Microsoft has taken down US-based infrastructure and websites used by a cybercrime group to sell fraudulent online accounts to other crooks including Scattered Spider, the infamous social-engineering and extortion crew that hacked two Las Vegas casinos over the summer.
Microsoft obtained a court order on December 7 to seize US-based infrastructure and remove websites used by the gang after convincing a judge that these sites represented unauthorized use of Microsoft trademarks and pose ongoing harm to Redmond, its customers and the general public.
Specifically, the seized websites include: Hotmailbox.
Me, which sold fraudulent Microsoft Outlook accounts; 1stCAPTCHA, AnyCAPTCHA, and NoneCAPTCHA, which sold CAPTCHA-solving tokens for use across various platforms; and social media sites used to advertise these illegal services.

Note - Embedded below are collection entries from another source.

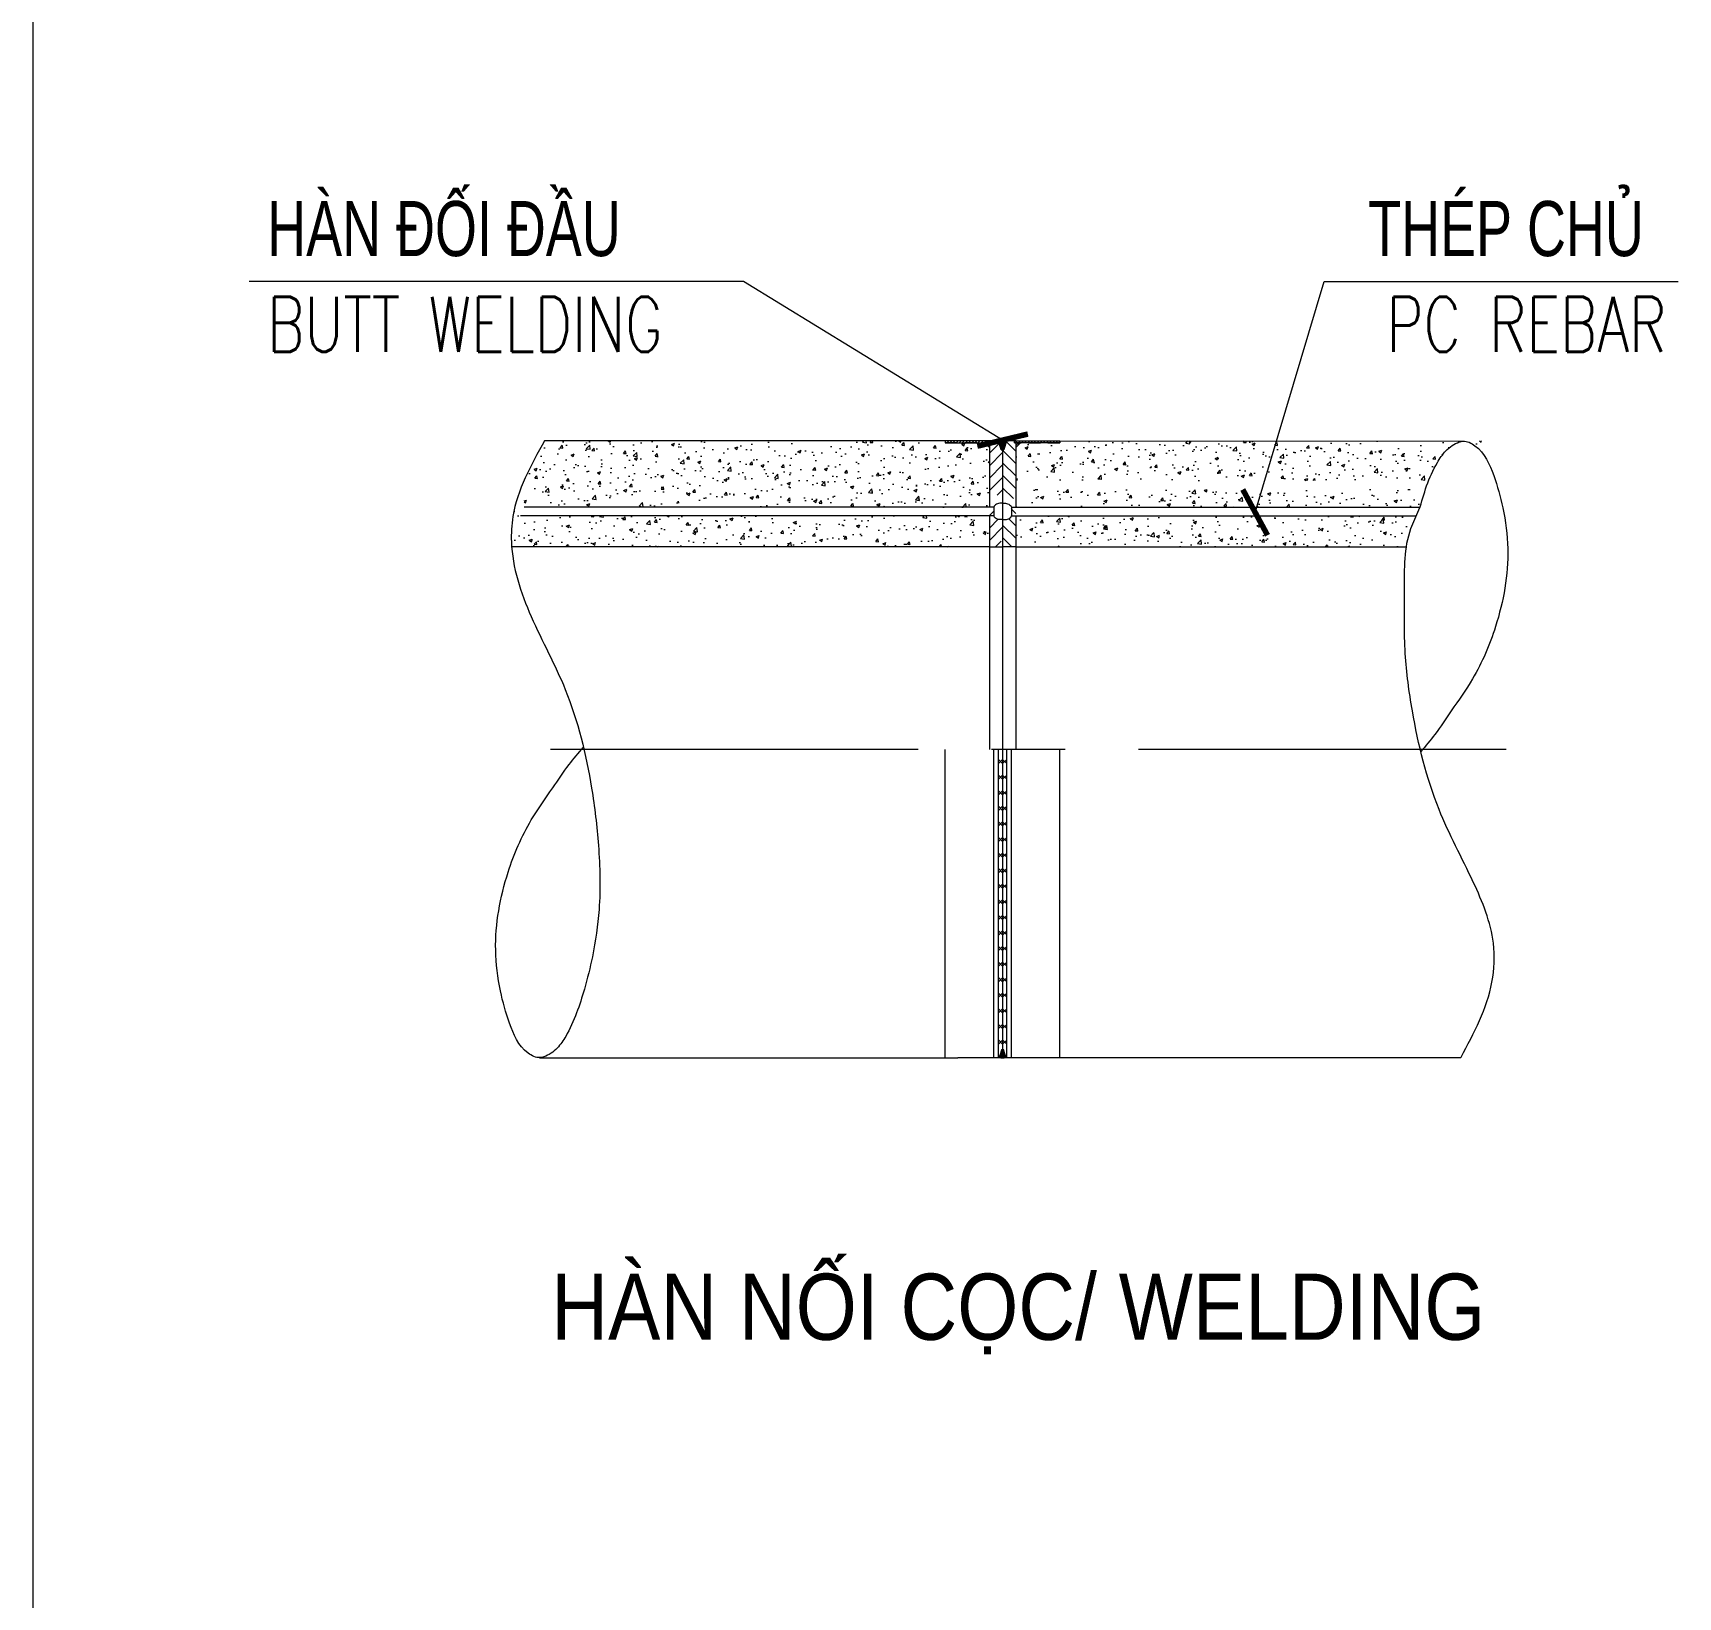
# Model space of a CAD drawing. Header units: millimetres. Extents: x -2123450 to -961021, y -260876 to 649159.
# Drawn here: x -1467022 to -1455833, y 138489 to 149125 of the extents above; entities that cross this region are included whole.
import ezdxf
from ezdxf.enums import TextEntityAlignment as Align

# ---------------------------------------------------------------- set-up
doc = ezdxf.new("R2010")
doc.units = ezdxf.units.MM
doc.header["$LTSCALE"] = 1000
doc.header["$MEASUREMENT"] = 0
doc.linetypes.add('CENTER2', pattern=[1.125, 0.75, -0.125, 0.125, -0.125])
doc.linetypes.add('CENTERX2', pattern=[4, 2.5, -0.5, 0.5, -0.5])
doc.layers.get('0').update_dxf_attribs({"linetype": 'CONTINUOUS'})
for name, color, linetype, lineweight in [('1.NET BAO-F', 3, 'CONTINUOUS', 20), ('4.DIM-F', 1, 'CONTINUOUS', 15), ('9.NET MANH-F', 9, 'CONTINUOUS', 15), ('NDC_S_AXIS', 5, 'CENTER2', 15), ('NDC_S_BREAK-LINE', 1, 'CONTINUOUS', 15), ('NDC_S_CONTINUOUS', 3, 'CONTINUOUS', 20), ('NDC_S_ENG TEXT', 2, 'CONTINUOUS', 9), ('NDC_S_HATCH MATERIAL', 8, 'CONTINUOUS', 13), ('NDC_S_VN TEXT', 7, 'CONTINUOUS', 9)]:
    doc.layers.add(name, color=color, linetype=linetype, lineweight=lineweight)
doc.styles.add('Arial', font='arial.ttf')
doc.styles.add('NDC_ARIAL', font='arial.ttf', dxfattribs={"width": 0.8})
doc.styles.add('NDC_ROMANS', font='romans.shx', dxfattribs={"width": 0.8, "bigfont": 'vns.shx'})
doc.styles.add('Vnsimli', font='vnsimli.shx', dxfattribs={"width": 0.65})
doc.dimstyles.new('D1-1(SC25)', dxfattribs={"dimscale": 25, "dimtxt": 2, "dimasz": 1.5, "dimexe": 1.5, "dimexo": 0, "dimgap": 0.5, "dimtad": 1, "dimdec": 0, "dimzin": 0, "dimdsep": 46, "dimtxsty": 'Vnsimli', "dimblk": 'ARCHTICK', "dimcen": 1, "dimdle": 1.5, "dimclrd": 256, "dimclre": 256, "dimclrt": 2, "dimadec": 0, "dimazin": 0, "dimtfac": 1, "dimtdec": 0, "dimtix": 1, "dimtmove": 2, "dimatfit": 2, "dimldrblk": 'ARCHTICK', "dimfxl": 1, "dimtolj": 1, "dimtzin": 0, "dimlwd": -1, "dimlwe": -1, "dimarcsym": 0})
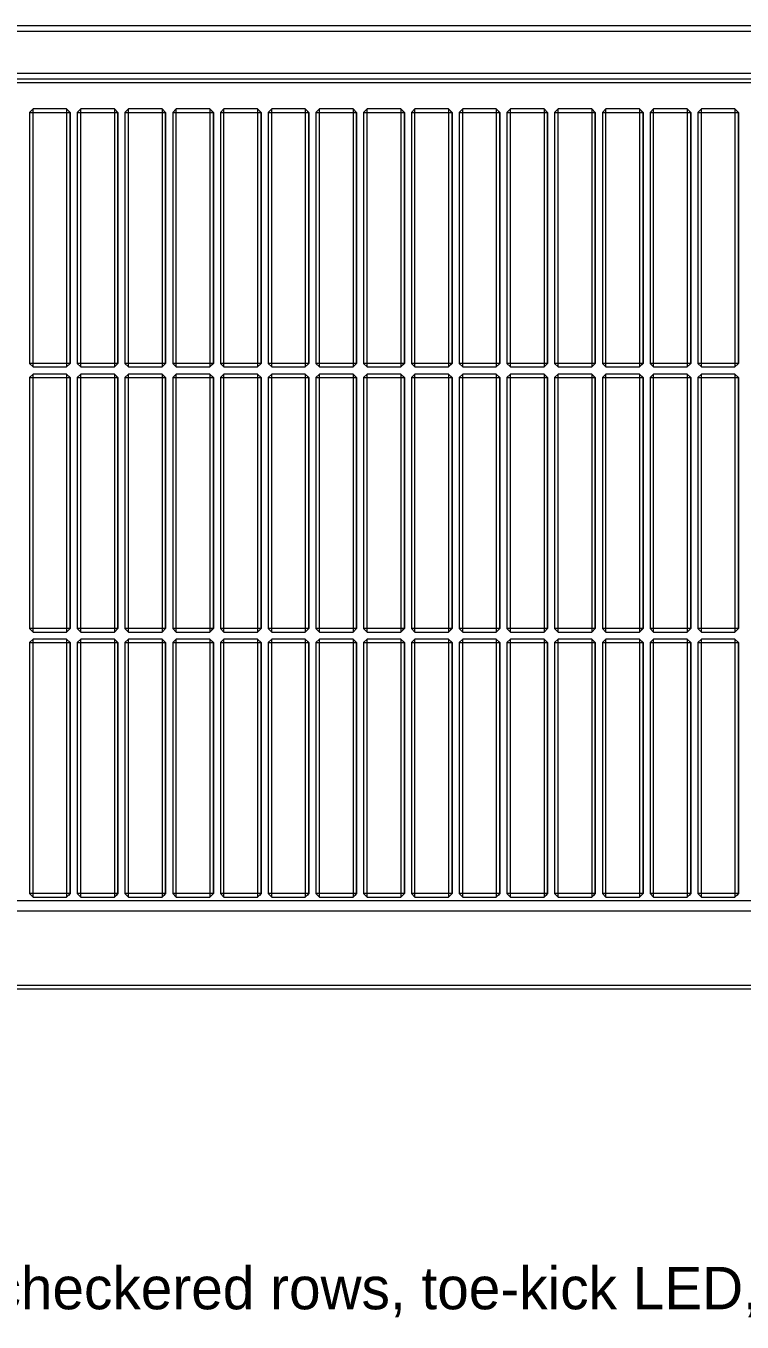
# Model space of a CAD drawing. Header units: metres. Extents: x 10 to 831, y 10 to 584.
# Drawn here: x 265.2 to 297.6, y 236.9 to 295.6 of the extents above; entities that cross this region are included whole.
import ezdxf

# ---------------------------------------------------------------- set-up
doc = ezdxf.new("R2010")
doc.units = ezdxf.units.M
doc.layers.add('TXT', color=7, linetype='Continuous', lineweight=18)
doc.layers.add('VIS', color=8, linetype='Continuous', lineweight=13)

msp = doc.modelspace()

# ---------------------------------------------------------------- linework, layer by layer
at = {"layer": 'VIS'}
for p, q in [((457.76, 295.6), (195.84, 295.6)), ((457.76, 295.6), (195.84, 295.6)), ((195.84, 295.36), (457.76, 295.36)), ((195.84, 295.36), (457.76, 295.36)), ((457.76, 293.44), (195.84, 293.44)), ((457.76, 293.44), (195.84, 293.44)), ((195.84, 293.2), (457.76, 293.2)), ((195.84, 293.2), (457.76, 293.2)), ((230.16, 293.04), (457.84, 293.04)), ((265.48, 291.84), (265.32, 291.68)), ((265.32, 291.68), (265.48, 291.68)), ((265.32, 291.68), (265.32, 280.32)), ((265.48, 291.68), (265.48, 291.84)), ((267, 291.84), (265.48, 291.84)), ((265.48, 291.84), (265.48, 291.84)), ((265.48, 291.68), (267, 291.68)), ((265.48, 280.32), (265.48, 291.68)), ((267, 291.84), (267, 291.68)), ((267.16, 291.68), (267, 291.84)), ((267, 291.68), (267.16, 291.68)), ((267, 291.68), (267, 280.32)), ((267.16, 291.68), (267.08, 291.68)), ((267.16, 291.68), (267.16, 280.32)), ((267.16, 291.68), (267.16, 291.68)), ((267.16, 280.32), (267.16, 291.68)), ((267.64, 291.84), (267.48, 291.68)), ((267.48, 291.68), (267.64, 291.68)), ((267.48, 291.68), (267.48, 280.32)), ((267.64, 291.68), (267.64, 291.84)), ((267.64, 291.84), (267.64, 291.84)), ((269.16, 291.84), (267.64, 291.84)), ((267.64, 280.32), (267.64, 291.68)), ((267.64, 291.68), (269.16, 291.68)), ((269.16, 291.84), (269.16, 291.68)), ((269.32, 291.68), (269.16, 291.84)), ((269.16, 291.68), (269.32, 291.68)), ((269.16, 291.68), (269.16, 280.32)), ((269.32, 291.68), (269.24, 291.68)), ((269.32, 280.32), (269.32, 291.68)), ((269.32, 291.68), (269.32, 291.68)), ((269.32, 291.68), (269.32, 280.32)), ((269.8, 291.84), (269.64, 291.68)), ((269.64, 291.68), (269.8, 291.68)), ((269.64, 291.68), (269.64, 280.32)), ((269.8, 291.68), (269.8, 291.84)), ((269.8, 291.84), (269.8, 291.84)), ((271.32, 291.84), (269.8, 291.84)), ((269.8, 291.68), (271.32, 291.68)), ((269.8, 280.32), (269.8, 291.68)), ((271.32, 291.84), (271.32, 291.68)), ((271.48, 291.68), (271.32, 291.84)), ((271.32, 291.68), (271.48, 291.68)), ((271.32, 291.68), (271.32, 280.32)), ((271.48, 291.68), (271.4, 291.68)), ((271.48, 291.68), (271.48, 291.68)), ((271.48, 291.68), (271.48, 280.32)), ((271.48, 280.32), (271.48, 291.68)), ((271.96, 291.84), (271.8, 291.68)), ((271.8, 291.68), (271.96, 291.68)), ((271.8, 291.68), (271.8, 280.32)), ((271.96, 291.68), (271.96, 291.84)), ((273.48, 291.84), (271.96, 291.84)), ((271.96, 291.84), (271.96, 291.84)), ((271.96, 291.68), (273.48, 291.68)), ((271.96, 280.32), (271.96, 291.68)), ((273.48, 291.84), (273.48, 291.68)), ((273.64, 291.68), (273.48, 291.84)), ((273.48, 291.68), (273.64, 291.68)), ((273.48, 291.68), (273.48, 280.32)), ((273.64, 291.68), (273.56, 291.68)), ((273.64, 291.68), (273.64, 280.32)), ((273.64, 280.32), (273.64, 291.68)), ((273.64, 291.68), (273.64, 291.68)), ((274.12, 291.84), (273.96, 291.68)), ((273.96, 291.68), (274.12, 291.68)), ((273.96, 291.68), (273.96, 280.32)), ((274.12, 291.68), (274.12, 291.84)), ((274.12, 291.84), (274.12, 291.84)), ((275.64, 291.84), (274.12, 291.84)), ((274.12, 280.32), (274.12, 291.68)), ((274.12, 291.68), (275.64, 291.68)), ((275.64, 291.84), (275.64, 291.68)), ((275.8, 291.68), (275.64, 291.84)), ((275.64, 291.68), (275.8, 291.68)), ((275.64, 291.68), (275.64, 280.32)), ((275.8, 291.68), (275.72, 291.68)), ((275.8, 291.68), (275.8, 291.68)), ((275.8, 280.32), (275.8, 291.68)), ((275.8, 291.68), (275.8, 280.32)), ((276.28, 291.84), (276.12, 291.68)), ((276.12, 291.68), (276.28, 291.68)), ((276.12, 291.68), (276.12, 280.32)), ((276.28, 291.68), (276.28, 291.84)), ((276.28, 291.84), (276.28, 291.84)), ((277.8, 291.84), (276.28, 291.84)), ((276.28, 291.68), (277.8, 291.68)), ((276.28, 280.32), (276.28, 291.68)), ((277.8, 291.84), (277.8, 291.68)), ((277.96, 291.68), (277.8, 291.84)), ((277.8, 291.68), (277.96, 291.68)), ((277.8, 291.68), (277.8, 280.32)), ((277.96, 291.68), (277.88, 291.68)), ((277.96, 291.68), (277.96, 280.32)), ((277.96, 280.32), (277.96, 291.68)), ((277.96, 291.68), (277.96, 291.68)), ((278.44, 291.84), (278.28, 291.68)), ((278.28, 291.68), (278.44, 291.68)), ((278.28, 291.68), (278.28, 280.32)), ((278.44, 291.68), (278.44, 291.84)), ((279.96, 291.84), (278.44, 291.84)), ((278.44, 291.84), (278.44, 291.84)), ((278.44, 291.68), (279.96, 291.68)), ((278.44, 280.32), (278.44, 291.68)), ((279.96, 291.84), (279.96, 291.68)), ((280.12, 291.68), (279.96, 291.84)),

They didn't just victimize Microsoft, they also injured other tech companies including Google and X/Twitter by selling CAPTCHA-defeating bots, the court documents alleged.
Scattered Spider is one of Storm-1152's clients that used these phony Microsoft Outlook email accounts in other types of cybercrime.
While the court documents don't name the customers, in early September this crime gang broke into the networks of Caesars Entertainment and MGM Resorts and demanded ransoms from both hotel and casino giants.
MGM did not pay a ransom but has said the nearly week-long system outages and disrupted operations resulting from the digital intrusion cost it about $100 million.